Cierta vez, un poeta árabe fue a visitar a un rey. Este era turco e ignoraba tanto el árabe como el persa, sin embargo, el poeta compuso en su honor un elocuente poema (en árabe) El monarca tomó asiento en su trono, los miembros de su séquito, compuesto por emires y visires, según era la costumbre, lo hicieron delante de él. El poeta, de pie frente a ellos comenzó a recitar sus estrofas. El rey, ante ciertos pasajes, movía la cabeza en señal de aprobación; ante otros, lo miraba con admiración y asombro; ante algunos otros en cambio, se mostraba humilde y como prestando atención a una enseñanza. Los cortesanos, estupefactos, se dijeron: "Siendo que nuestro rey no sabe una palabra de árabe ¿cómo es entonces que mueve la cabeza aprobando? ¿O, conociendo ese idioma nos lo ocultó durante todos estos años? En ese caso, si hemos pronunciado alguna vez en árabe palabras descorteses a su respecto ¡pobres de nosotros! ". Preocupados, buscaron al paje favorito del rey y. le obsequiaron un caballo, una mula y dinero prometiéndole, además, muchos otros presentes siempre que él les hiciera saber si el soberano conocía o no el árabe y, en este caso, por qué movía la cabeza en el momento adecuado.
Pasó el tiempo hasta que un día, aprovechando el buen humor que tenia el rey por haber realizado una buena caza, el paje le preguntó si conocía el árabe. El rey, echándose a reír, respondió: "Dios es testigo de que no sé árabe. Pero si aprobé con la cabeza y testimonié admiración allí donde era necesario, fue porque la intención de ese poema me era muy clara".
Es evidente que ese poema no era sino el producto de la intención subyacente. Sin ésa intención ese poema no hubiera sido compuesto.
En la intención, la dualidad desaparece. La dualidad concierne a lo derivado, la raíz es una. Los Sheikhs parecen múltiples si se considera sus estados de alma, acciones y palabras; pero en lo que se refiere a la intención, no hay en ellos más que un solo móvil: la búsqueda de Dios.
Del mismo modo, cuando el viento sopla, sacude los tapices, siembra el desorden entre las cortinas, hace volar en el aire ramitas y hierbas secas, hace ondular el agua de la fuente y bailar a los árboles, las ramas y las hojas. Todos estos fenómenos parecen diferentes y distintos, pero, desde el punto de vista de la intención, del origen y de la realidad, se trata de una sola y misma cosa: el movimiento proviene del viento.

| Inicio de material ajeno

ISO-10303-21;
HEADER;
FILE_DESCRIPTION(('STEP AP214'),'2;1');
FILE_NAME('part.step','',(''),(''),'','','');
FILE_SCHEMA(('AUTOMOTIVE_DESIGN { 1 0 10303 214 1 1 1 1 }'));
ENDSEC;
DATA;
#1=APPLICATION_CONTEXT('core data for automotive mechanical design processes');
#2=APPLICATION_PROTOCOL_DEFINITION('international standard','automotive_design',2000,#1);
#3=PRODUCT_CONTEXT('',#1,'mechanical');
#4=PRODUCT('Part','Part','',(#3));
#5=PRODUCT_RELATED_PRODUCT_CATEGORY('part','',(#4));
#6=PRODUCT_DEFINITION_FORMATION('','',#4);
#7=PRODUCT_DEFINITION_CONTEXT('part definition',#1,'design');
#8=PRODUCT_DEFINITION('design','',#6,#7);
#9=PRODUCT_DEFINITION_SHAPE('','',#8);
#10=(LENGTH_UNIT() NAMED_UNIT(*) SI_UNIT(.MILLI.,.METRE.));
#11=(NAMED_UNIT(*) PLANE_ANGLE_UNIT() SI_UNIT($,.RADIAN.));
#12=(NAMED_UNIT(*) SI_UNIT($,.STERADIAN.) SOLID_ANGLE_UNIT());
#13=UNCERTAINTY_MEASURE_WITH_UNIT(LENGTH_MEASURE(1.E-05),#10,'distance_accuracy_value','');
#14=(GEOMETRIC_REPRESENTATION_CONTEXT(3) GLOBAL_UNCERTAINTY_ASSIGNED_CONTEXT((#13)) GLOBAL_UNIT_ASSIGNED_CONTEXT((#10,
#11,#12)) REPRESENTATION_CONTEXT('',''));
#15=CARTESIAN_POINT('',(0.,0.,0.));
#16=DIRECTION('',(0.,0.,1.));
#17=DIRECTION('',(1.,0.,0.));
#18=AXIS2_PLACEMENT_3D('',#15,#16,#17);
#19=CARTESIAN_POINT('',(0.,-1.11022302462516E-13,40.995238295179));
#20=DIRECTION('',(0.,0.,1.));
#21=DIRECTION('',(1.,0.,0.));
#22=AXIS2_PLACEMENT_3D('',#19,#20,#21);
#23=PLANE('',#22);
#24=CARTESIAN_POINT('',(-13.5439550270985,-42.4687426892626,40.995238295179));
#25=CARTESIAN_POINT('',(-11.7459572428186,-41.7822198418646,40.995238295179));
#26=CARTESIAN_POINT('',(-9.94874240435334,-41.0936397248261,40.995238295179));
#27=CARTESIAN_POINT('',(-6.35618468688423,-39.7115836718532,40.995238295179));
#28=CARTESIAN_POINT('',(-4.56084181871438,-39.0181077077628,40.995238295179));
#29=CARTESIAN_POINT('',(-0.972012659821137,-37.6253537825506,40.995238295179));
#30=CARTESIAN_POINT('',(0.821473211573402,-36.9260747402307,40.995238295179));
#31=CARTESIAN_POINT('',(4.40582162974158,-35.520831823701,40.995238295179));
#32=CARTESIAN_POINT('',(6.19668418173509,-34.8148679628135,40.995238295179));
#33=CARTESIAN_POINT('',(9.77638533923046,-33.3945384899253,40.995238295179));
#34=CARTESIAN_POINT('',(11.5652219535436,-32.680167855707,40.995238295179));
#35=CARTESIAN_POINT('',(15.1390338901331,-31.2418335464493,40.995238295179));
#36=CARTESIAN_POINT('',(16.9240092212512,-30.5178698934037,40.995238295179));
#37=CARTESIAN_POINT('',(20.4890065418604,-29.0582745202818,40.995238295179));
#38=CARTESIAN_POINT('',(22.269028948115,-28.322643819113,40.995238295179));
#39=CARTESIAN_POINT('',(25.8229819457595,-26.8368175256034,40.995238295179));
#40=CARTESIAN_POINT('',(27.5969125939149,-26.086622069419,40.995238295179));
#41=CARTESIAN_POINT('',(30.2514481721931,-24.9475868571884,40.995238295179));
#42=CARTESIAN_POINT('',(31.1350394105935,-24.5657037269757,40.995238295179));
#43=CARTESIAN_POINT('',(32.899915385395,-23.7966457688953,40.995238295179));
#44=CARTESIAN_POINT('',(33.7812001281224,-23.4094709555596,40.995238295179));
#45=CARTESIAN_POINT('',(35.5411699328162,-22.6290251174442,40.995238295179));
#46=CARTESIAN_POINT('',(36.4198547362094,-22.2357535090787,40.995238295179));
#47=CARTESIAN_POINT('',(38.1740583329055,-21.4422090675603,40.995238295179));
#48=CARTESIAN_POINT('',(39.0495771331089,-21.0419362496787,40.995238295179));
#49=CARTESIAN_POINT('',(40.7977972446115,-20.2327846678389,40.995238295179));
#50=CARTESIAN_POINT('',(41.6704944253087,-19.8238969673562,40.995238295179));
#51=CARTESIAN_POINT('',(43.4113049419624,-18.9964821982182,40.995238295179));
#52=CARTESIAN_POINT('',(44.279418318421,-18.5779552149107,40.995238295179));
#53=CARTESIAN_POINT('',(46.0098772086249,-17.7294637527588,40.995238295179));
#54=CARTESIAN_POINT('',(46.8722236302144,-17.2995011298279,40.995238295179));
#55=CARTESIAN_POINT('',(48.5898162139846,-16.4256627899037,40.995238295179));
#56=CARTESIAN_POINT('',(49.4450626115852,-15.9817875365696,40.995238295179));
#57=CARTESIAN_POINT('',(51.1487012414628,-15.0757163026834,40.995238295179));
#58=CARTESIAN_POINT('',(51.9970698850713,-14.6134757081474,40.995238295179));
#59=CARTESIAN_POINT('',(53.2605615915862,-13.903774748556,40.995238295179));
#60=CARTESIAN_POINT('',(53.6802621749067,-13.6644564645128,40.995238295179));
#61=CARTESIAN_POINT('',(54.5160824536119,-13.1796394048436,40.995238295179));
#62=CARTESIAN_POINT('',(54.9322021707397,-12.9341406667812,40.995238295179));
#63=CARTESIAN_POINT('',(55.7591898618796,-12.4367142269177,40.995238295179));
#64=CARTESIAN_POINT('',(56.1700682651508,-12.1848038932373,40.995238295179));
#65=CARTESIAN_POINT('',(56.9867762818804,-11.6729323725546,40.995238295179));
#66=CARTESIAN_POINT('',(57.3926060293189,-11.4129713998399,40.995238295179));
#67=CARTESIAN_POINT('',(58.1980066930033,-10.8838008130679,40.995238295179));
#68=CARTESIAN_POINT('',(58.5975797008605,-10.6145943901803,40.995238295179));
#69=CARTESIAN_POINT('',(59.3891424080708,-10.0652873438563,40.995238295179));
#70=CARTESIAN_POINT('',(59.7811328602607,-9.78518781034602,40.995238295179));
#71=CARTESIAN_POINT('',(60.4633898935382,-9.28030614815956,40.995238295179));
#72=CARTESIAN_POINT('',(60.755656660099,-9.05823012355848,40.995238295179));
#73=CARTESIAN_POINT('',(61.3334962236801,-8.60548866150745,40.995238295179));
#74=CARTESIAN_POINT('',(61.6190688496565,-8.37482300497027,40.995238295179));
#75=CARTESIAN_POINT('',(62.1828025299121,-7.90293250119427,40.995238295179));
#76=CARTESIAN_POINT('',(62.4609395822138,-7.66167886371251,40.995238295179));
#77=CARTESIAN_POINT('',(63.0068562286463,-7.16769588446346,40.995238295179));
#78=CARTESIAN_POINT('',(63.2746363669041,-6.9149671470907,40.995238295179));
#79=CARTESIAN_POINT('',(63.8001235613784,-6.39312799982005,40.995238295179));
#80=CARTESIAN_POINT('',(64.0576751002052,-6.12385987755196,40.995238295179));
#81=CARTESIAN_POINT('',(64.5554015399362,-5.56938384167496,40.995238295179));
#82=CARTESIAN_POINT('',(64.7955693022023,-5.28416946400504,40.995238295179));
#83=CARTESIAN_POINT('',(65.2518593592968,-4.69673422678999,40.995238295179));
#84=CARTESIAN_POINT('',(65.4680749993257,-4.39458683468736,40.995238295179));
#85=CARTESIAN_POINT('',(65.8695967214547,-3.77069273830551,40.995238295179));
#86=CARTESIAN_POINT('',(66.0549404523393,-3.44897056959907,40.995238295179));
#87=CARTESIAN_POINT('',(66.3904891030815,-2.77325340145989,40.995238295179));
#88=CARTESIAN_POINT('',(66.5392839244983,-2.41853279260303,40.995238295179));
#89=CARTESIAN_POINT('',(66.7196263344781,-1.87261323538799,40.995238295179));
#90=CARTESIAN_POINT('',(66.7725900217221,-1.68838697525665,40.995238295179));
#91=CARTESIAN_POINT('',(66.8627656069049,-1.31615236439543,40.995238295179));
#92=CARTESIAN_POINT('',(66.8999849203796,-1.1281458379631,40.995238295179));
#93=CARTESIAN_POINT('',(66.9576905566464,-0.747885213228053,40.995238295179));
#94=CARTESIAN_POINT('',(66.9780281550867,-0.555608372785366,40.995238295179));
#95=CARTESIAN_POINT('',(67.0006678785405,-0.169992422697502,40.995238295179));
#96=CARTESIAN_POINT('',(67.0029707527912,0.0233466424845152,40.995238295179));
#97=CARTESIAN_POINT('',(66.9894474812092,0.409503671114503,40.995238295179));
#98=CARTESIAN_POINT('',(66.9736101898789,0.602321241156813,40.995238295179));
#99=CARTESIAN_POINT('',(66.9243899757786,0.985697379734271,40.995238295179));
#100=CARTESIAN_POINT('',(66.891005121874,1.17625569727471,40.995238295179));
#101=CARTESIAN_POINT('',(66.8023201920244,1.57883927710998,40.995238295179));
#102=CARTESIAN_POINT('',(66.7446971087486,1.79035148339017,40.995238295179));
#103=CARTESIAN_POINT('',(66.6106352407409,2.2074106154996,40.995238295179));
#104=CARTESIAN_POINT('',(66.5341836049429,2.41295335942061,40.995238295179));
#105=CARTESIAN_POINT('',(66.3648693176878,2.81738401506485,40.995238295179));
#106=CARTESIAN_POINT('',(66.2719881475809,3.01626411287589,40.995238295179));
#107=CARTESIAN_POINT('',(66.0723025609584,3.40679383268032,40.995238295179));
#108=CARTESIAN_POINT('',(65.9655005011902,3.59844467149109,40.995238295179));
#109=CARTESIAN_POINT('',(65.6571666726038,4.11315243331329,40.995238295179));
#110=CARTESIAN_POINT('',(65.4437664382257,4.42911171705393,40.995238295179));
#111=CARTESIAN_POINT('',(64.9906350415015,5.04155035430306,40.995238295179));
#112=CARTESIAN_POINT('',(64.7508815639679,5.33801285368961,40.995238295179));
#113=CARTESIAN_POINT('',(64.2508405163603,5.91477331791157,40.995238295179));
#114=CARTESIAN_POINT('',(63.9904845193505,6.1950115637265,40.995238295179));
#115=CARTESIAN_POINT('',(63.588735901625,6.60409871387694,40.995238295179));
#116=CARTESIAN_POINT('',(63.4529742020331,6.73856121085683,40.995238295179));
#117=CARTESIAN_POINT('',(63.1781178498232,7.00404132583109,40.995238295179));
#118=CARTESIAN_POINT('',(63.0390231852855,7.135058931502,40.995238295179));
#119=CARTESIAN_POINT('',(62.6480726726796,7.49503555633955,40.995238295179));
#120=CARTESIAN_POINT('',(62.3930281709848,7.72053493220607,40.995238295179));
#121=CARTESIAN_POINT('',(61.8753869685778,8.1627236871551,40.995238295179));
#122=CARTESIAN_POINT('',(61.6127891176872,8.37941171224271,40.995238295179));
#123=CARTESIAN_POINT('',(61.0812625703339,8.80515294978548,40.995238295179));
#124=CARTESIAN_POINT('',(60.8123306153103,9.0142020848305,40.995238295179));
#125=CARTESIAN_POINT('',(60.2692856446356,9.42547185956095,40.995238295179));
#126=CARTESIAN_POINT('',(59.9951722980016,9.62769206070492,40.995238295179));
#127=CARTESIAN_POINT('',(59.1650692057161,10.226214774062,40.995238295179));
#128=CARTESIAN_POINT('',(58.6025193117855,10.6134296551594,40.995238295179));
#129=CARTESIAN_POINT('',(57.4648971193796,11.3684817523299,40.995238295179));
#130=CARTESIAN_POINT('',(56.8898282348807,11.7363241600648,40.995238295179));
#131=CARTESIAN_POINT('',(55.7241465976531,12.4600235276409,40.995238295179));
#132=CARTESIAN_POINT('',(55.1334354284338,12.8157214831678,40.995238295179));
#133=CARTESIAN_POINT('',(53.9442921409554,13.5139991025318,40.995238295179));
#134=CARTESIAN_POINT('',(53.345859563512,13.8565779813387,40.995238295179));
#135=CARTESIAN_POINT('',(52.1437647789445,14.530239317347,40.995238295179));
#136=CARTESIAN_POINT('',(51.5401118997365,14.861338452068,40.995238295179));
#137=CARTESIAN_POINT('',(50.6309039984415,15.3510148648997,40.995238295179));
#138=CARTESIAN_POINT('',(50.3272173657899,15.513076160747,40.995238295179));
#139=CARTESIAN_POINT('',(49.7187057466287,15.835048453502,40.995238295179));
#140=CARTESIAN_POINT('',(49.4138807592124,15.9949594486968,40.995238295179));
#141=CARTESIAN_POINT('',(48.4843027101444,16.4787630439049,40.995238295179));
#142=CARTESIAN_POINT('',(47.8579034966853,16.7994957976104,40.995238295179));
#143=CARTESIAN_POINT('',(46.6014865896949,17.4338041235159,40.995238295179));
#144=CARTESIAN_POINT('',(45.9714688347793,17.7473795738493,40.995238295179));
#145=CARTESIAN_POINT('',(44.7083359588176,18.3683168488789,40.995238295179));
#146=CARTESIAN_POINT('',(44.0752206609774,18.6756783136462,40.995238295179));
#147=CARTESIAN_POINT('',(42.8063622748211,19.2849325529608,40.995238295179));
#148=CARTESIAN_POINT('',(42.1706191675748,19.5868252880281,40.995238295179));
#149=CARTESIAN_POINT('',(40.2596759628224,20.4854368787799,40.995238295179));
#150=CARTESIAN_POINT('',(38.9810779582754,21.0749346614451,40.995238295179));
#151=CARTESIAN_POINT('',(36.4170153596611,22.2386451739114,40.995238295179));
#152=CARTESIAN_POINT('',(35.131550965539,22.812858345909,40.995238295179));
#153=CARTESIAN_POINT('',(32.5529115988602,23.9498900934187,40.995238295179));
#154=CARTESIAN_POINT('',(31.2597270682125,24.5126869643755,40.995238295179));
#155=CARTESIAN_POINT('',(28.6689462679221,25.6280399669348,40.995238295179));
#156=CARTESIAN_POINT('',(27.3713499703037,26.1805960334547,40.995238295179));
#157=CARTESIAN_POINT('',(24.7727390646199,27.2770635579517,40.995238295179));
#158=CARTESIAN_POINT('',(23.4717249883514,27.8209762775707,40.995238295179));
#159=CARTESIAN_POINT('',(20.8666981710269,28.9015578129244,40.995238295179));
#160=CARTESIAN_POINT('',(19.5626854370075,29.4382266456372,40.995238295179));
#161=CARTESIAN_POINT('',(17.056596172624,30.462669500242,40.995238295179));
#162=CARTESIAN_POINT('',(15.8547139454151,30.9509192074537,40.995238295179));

Alguien dijo al Maestro: "Soy culpable".
El respondió: "Ese pensamiento acosa al que se repite: ¿por qué, por qué hago tal cosa?". Es una prueba de la amistad y la gracia divinas; "la amistad subsiste en tanto el reproche permanece"[1], ya que sólo se dirigen reproches al amigo, jamás a un extraño. Este reproche difiere según el efecto que produce en aquél que lo recibe. Si el que lo sufre siente dolor y es consciente de él, esto es una prueba de la gracia y del amor divino a su respecto. Pero, si formulado el reproche, no experimenta ningún dolor, el afecto no está comprometido. Cuando se golpea un tapiz para quitarle el polvo, los sabios no ven en ello una reprimenda. Pero cuando se golpea al propio hijo, al bienamado, ese acto es un reproche nacido del afecto.
El dolor y el remordimiento son el anuncio de la gracia y de la amistad de Dios. Si descubres un defecto en tu hermano, es necesario que sepas que ese defecto existe en ti mismo. El sabio es semejante a un espejo: ves en él tu propia imagen, ya que "el creyente es el espejo del creyente"[2]. Supera ese defecto que te lastima, ya que en realidad es por ti mismo que eso te duele.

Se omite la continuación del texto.